Les Belles Soeurs (The Beautiful Sisters)
nytheatre.com review by David DelGrosso
May 5, 2005
I am glad to have been introduced to Woman Seeking..., a critically-acclaimed company with a great mission statement, which I will excerpt from here: “To provide an arena free from stereotypes, for productions that explore issues relevant to women... They do not agree that they cannot age, or have to be a size 4 to play the love interest.” Their current show has great production values and a talented, large group of artists—things not to be taken for granted off-off Broadway, especially the former. Unfortunately, the choice of play—a revival of Michel Tremblay’s Les Belles Soeurs—and the decision to transplant this late 1960s French-Canadian play from a working class section of Quebec to a “small New England town” seems to be a misstep in Woman Seeking...’s production history.
Tremblay’s play caused a great stir when it premiered in Quebec in 1968 by bringing to the rather conservative French Canadian stage characters that had not been given a voice there before. Here were working class women frankly discussing marriage, sex, and the Catholic Church and speaking about these issues in joual—the “working class dialect” of French in Quebec—a vernacular that many at the time believed was too low for the stage. Like Eugene O’Neill’s seamen and bar patrons, Tremblay’s characters were familiar and accessible to audiences and by writing this play and writing in joual, Tremblay was validating their drama and their language was worthy of the same stages that had been dominated by Shakespeare and Moliere.
Ostensibly, Les Belles Soeurs is the story of Germaine, a wife and mother who has won a million Gold Stamps in a contest—like those that used to be given out by grocery stores, that can to be pasted into books and traded in for home goods. Germaine invites her two sisters and other friends from her parish to come and help her paste stamps into their booklets so that she may claim a catalog's worth of prizes. Perhaps it is because everyone who arrives is jealous of Germaine’s good fortune (and Germaine further provokes these feelings by being neither humble nor a good hostess), but soon this large gathering of family and neighbors start exchanging jabs and then fighting outright. The pasting soon gives way to stealing what each feels is her proper share of her winnings. In the course of the brawling, there are secrets revealed and an estranged sister returns, but Tremblay seems less concerned about the story at hand than he is about letting these characters speak directly about their troubles—very directly. The present action frequently stops for characters to give soliloquies and there are several choral sequences—with the ensemble speaking simultaneously or in a rapid cacophony of lines—on subjects such as the misery of their weekly routine or their love of the game of bingo.
Tremblay’s original was praised for making lyrical a dialect that many had looked down upon. Unfortunately, the English of this version sounds like a literal translation—it is very matter-of-fact and makes the characters seem overly simple. (A translator is not credited in the program and there have been several English translations, none by Tremblay.)

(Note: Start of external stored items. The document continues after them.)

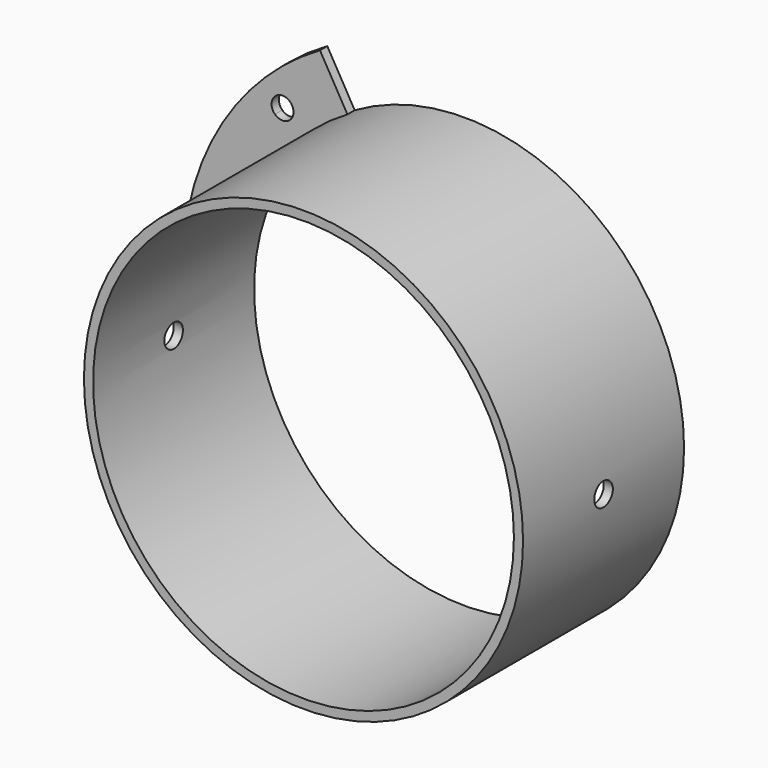
from build123d import *

# Parameters (mm, degrees)
F0_R     = 120
F0_R_2   = 115
F1_DEPTH = 55
F3_DEPTH = 5
F5_DEPTH = 110.001
F6_R     = 6.35
F7_DEPTH = 254


# Not quite as in the source:
# - a pattern or mirror of a feature is missing from the dataset's text; its kind, count and spacing are read off the source's solid


with BuildPart() as f1:
    # F0 (on Front) → F1 (new body, symmetric)
    with BuildSketch(Plane.XZ):
        Circle(F0_R)
        Circle(F0_R_2, mode=Mode.SUBTRACT)
    extrude(amount=F1_DEPTH, both=True)

    # F2 (on face) → F3 (join)
    with BuildSketch(Plane(origin=(0, 55, 0), x_dir=(-1, 0, 0), z_dir=(0, 1, 0))):
        with BuildLine():
            Line((60, -103.9230484541), (75, -129.9038105677))
            ThreePointArc((75, -129.9038105677), (150, 0), (75, 129.9038105677))
            Line((75, 129.9038105677), (60, 103.9230484541))
            ThreePointArc((60, 103.9230484541), (103.9230484541, 60), (120, 0))
            ThreePointArc((120, 0), (103.9230484541, -60), (60, -103.9230484541))
        make_face()
    extrude(amount=-F3_DEPTH)

    # F4 (on face) → F5 (cut, through all)
    with BuildSketch(Plane(origin=(0, 55, 0), x_dir=(-1, 0, 0), z_dir=(0, 1, 0))):
        with BuildLine():
            ThreePointArc((134.8666666667, 5.9985183356), (134.9666625504, 3), (135, 0))
            ThreePointArc((135, 0), (134.9666625504, -3), (134.8666666667, -5.9985183356))
            ThreePointArc((134.8666666667, -5.9985183356), (139.1952353927, -4.2895221179), (141, 0))
            ThreePointArc((141, 0), (139.1952353927, 4.2895221179), (134.8666666667, 5.9985183356))
        make_face()
        with BuildLine():
            ThreePointArc((134.8666666667, -5.9985183356), (134.9666625504, -3), (135, 0))
            ThreePointArc((135, 0), (134.9666625504, 3), (134.8666666667, 5.9985183356))
            ThreePointArc((134.8666666667, 5.9985183356), (129, 0), (134.8666666667, -5.9985183356))
        make_face()
    f5 = extrude(amount=-F5_DEPTH, mode=Mode.SUBTRACT)

    # F5_copies: F5 across plane
    add(f5.mirror(Plane(origin=(0, 0, 0), x_dir=(-0.9238795325, 0, -0.3826834324), z_dir=(0.3826834324, 0, -0.9238795325))), mode=Mode.SUBTRACT)

    # F5_copies1: F5 across plane
    add(f5.mirror(Plane(origin=(0, 0, 0), x_dir=(0.9238795325, 0, -0.3826834324), z_dir=(0.3826834324, 0, 0.9238795325))), mode=Mode.SUBTRACT)

    # F6 (on Right) → F7 (cut, symmetric)
    with BuildSketch(Plane.YZ):
        Circle(F6_R)
    extrude(amount=F7_DEPTH, both=True, mode=Mode.SUBTRACT)


solid = f1.part
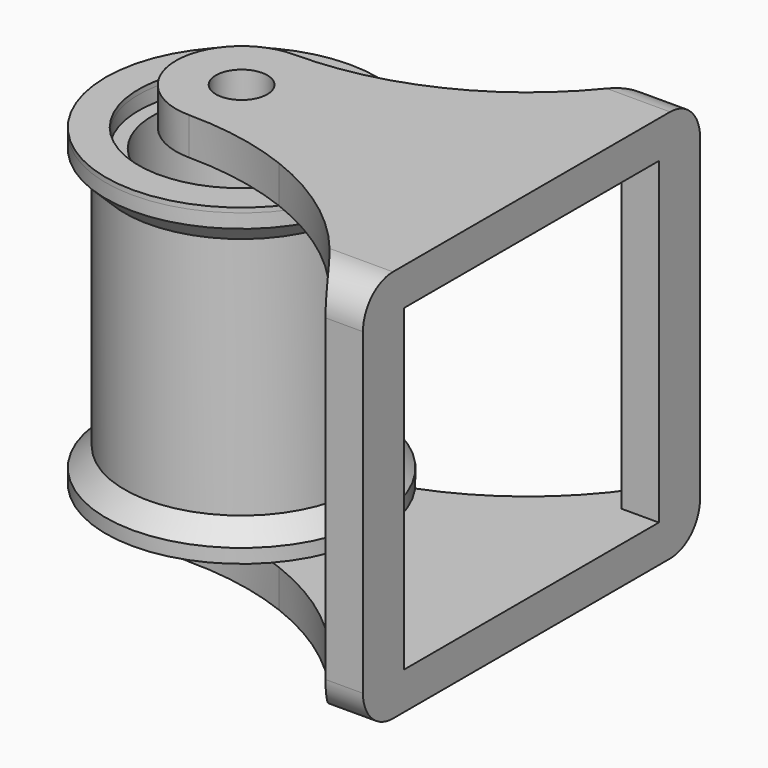
from build123d import *

# Parameters (mm, degrees)
F2_DEPTH = 0.5
F3_R     = 2.75
F4_DEPTH = 4
F6_DEPTH = 34
F7_R     = 4
F8_W     = 34
F8_H     = 34
F9_DEPTH = 4


# Not quite as in the source:
# - a feature names something its author has since deleted; it is built from what else it names


with BuildPart() as f1:
    # F0 (on Front) → F1 (revolve)
    with BuildSketch(Plane.XZ):
        Polygon((14.5, 16.5), (11, 16.5), (11, 15), (9.5, 15), (9.5, 0), (9.5, -15), (11, -15), (11, -16.5), (14.5, -16.5), (14.5, -15), (12.5, -13), (12.5, 0), (12.5, 13), (14.5, 15), align=None)
    revolve(axis=Axis((0, 0, 0.2111420035), (0, 0, -1)))


with BuildPart() as f2:
    # F2 (new): a face of the model
    f2_faces = [f1.part.faces().sort_by_distance(p)[0] for p in [
        (-14.0898780669, 0, 16.5),
    ]]
    extrude(f2_faces, amount=F2_DEPTH)


with BuildPart() as f4:
    # F3 (on face) → F4 (new body)
    with BuildSketch(Plane.XY.offset(17)):
        with BuildLine():
            ThreePointArc((11, 0), (10.1171669047, 4.3177463824), (7.6103756686, 7.9424292369))
            ThreePointArc((7.6103756686, 7.9424292369), (3.834253209, 7.2365037118), (0, 7))
            ThreePointArc((0, 7), (-4.9497474683, 4.9497474683), (-7, 0))
            ThreePointArc((-7, 0), (-4.9497474683, -4.9497474683), (0, -7))
            ThreePointArc((0, -7), (3.834253209, -7.2365037118), (7.6103756686, -7.9424292369))
            ThreePointArc((7.6103756686, -7.9424292369), (10.1171669047, -4.3177463824), (11, 0))
        make_face()
        Circle(F3_R, mode=Mode.SUBTRACT)
        with BuildLine():
            Line((26.9615242271, -22.5), (26.9615242271, 0))
            Line((26.9615242271, 0), (26.9615242271, 22.5))
            ThreePointArc((26.9615242271, 22.5), (20.2590407655, 14.4724078126), (11.2803403418, 9.1106488118))
            ThreePointArc((11.2803403418, 9.1106488118), (13.6714105885, 4.831411028), (14.5, 0))
            ThreePointArc((14.5, 0), (13.6714105885, -4.831411028), (11.2803403418, -9.1106488118))
            ThreePointArc((11.2803403418, -9.1106488118), (20.2590407655, -14.4724078126), (26.9615242271, -22.5))
        make_face()
        Polygon((26.9615242271, 22.5), (26.9615242271, 0), (26.9615242271, -22.5), (30.9615242271, -22.5), (30.9615242271, 0), (30.9615242271, 22.5), align=None)
        with BuildLine():
            ThreePointArc((14.5, 0), (13.6714105885, 4.831411028), (11.2803403418, 9.1106488118))
            ThreePointArc((11.2803403418, 9.1106488118), (9.4634017187, 8.4698546538), (7.6103756686, 7.9424292369))
            ThreePointArc((7.6103756686, 7.9424292369), (10.1171669047, 4.3177463824), (11, 0))
            ThreePointArc((11, 0), (10.1171669047, -4.3177463824), (7.6103756686, -7.9424292369))
            ThreePointArc((7.6103756686, -7.9424292369), (9.4634017187, -8.4698546538), (11.2803403418, -9.1106488118))
            ThreePointArc((11.2803403418, -9.1106488118), (13.6714105885, -4.831411028), (14.5, 0))
        make_face()
    extrude(amount=F4_DEPTH)


with BuildPart() as f5_1:
    # F5: instance of F4
    add(f4.part.mirror(Plane.XY))


with BuildPart() as f4_1:
    add(f4.part)

    add(f5_1.part)  # F6 merges F5_1
    # F3 (on face) → F6 (join, through all)
    with BuildSketch(Plane.XY.offset(17)):
        Polygon((26.9615242271, 22.5), (26.9615242271, 0), (26.9615242271, -22.5), (30.9615242271, -22.5), (30.9615242271, 0), (30.9615242271, 22.5), align=None)
    extrude(amount=-F6_DEPTH)

    # F7
    f7_edges = [f4_1.edges().sort_by_distance(p)[0] for p in [
        (28.961524, 22.5, 21),
        (28.961524, 22.5, -21),
        (28.961524, -22.5, -21),
        (28.961524, -22.5, 21),
    ]]
    fillet(f7_edges, radius=F7_R)

    # F8 (on face) → F9 (cut, through all)
    with BuildSketch(Plane.YZ.offset(30.9615242271)):
        Rectangle(F8_W, F8_H)
    extrude(amount=-F9_DEPTH, mode=Mode.SUBTRACT)


solid = Compound([f1.part, f2.part, f4_1.part])

I also feel that the play—though revelatory in its time—has not aged well. Tremblay’s characterizations are painted with broad strokes and there is little room for subtext or subtlety amongst all the sound and fury. We are now several generations removed from being shocked by any of the ideas presented in the play and as a result what was once groundbreaking social satire is now being played as low comedy. I was amazed at how much of the bile and cruelty these characters showed to each other are served up here as if they were sitcom antics. This is particularly disturbing in the case of one character, Theresa, who has become a caregiver to her wheelchair-bound mother-in-law who seems to be in the late stages of Alzheimer’s. Theresa beats her defenseless mother-in-law in front of us, once even knocking her unconscious, the only way she has found to ‘get her to be quiet’. A number of people in the audience laughed at this as if it were a slapstick routine. Perhaps this is because the play no longer has the resonance as satire to shake people’s sensibilities so the audience simply laughs the whole thing off.
The play’s impact has also been hurt by what I suppose you could call “Culture-Blind Casting.” The setting has been moved from Quebec to ‘a small town in New England’ and the transposition doesn’t make the world of the play feel genuine.
Though I did not enjoy the play itself, I do want to say that Woman Seeking... did impress me with the talented, well-cast ensemble and professional production design. Melanie Blythe and Lauren Casgren-Tindall have not only costumed 15 actresses in 1960s period dress (no small feat), they have delivered a design in which we get a visual insight into each character as she arrives. The set by Dan Jacoby and Heidi B. Andersson and wonderful period props also look great and ground the production solidly in its period. Though the play often has 15 people onstage at once, the most striking moments come during the play’s soliloquies—especially in the stark loneliness Stephanie Hepburn conveys in her story of being in love with the salesman who comes only once a month, as well as the grace and complete openness to the audience that Vivian Meisner has as she shares her character’s dilemma of deciding between the virtues she has been taught and her desires. I hope that in their next production, Woman Seeking... sets its excellent company of artists on material that has more to say to us now, rather than putting some much energy behind a play whose time has passed.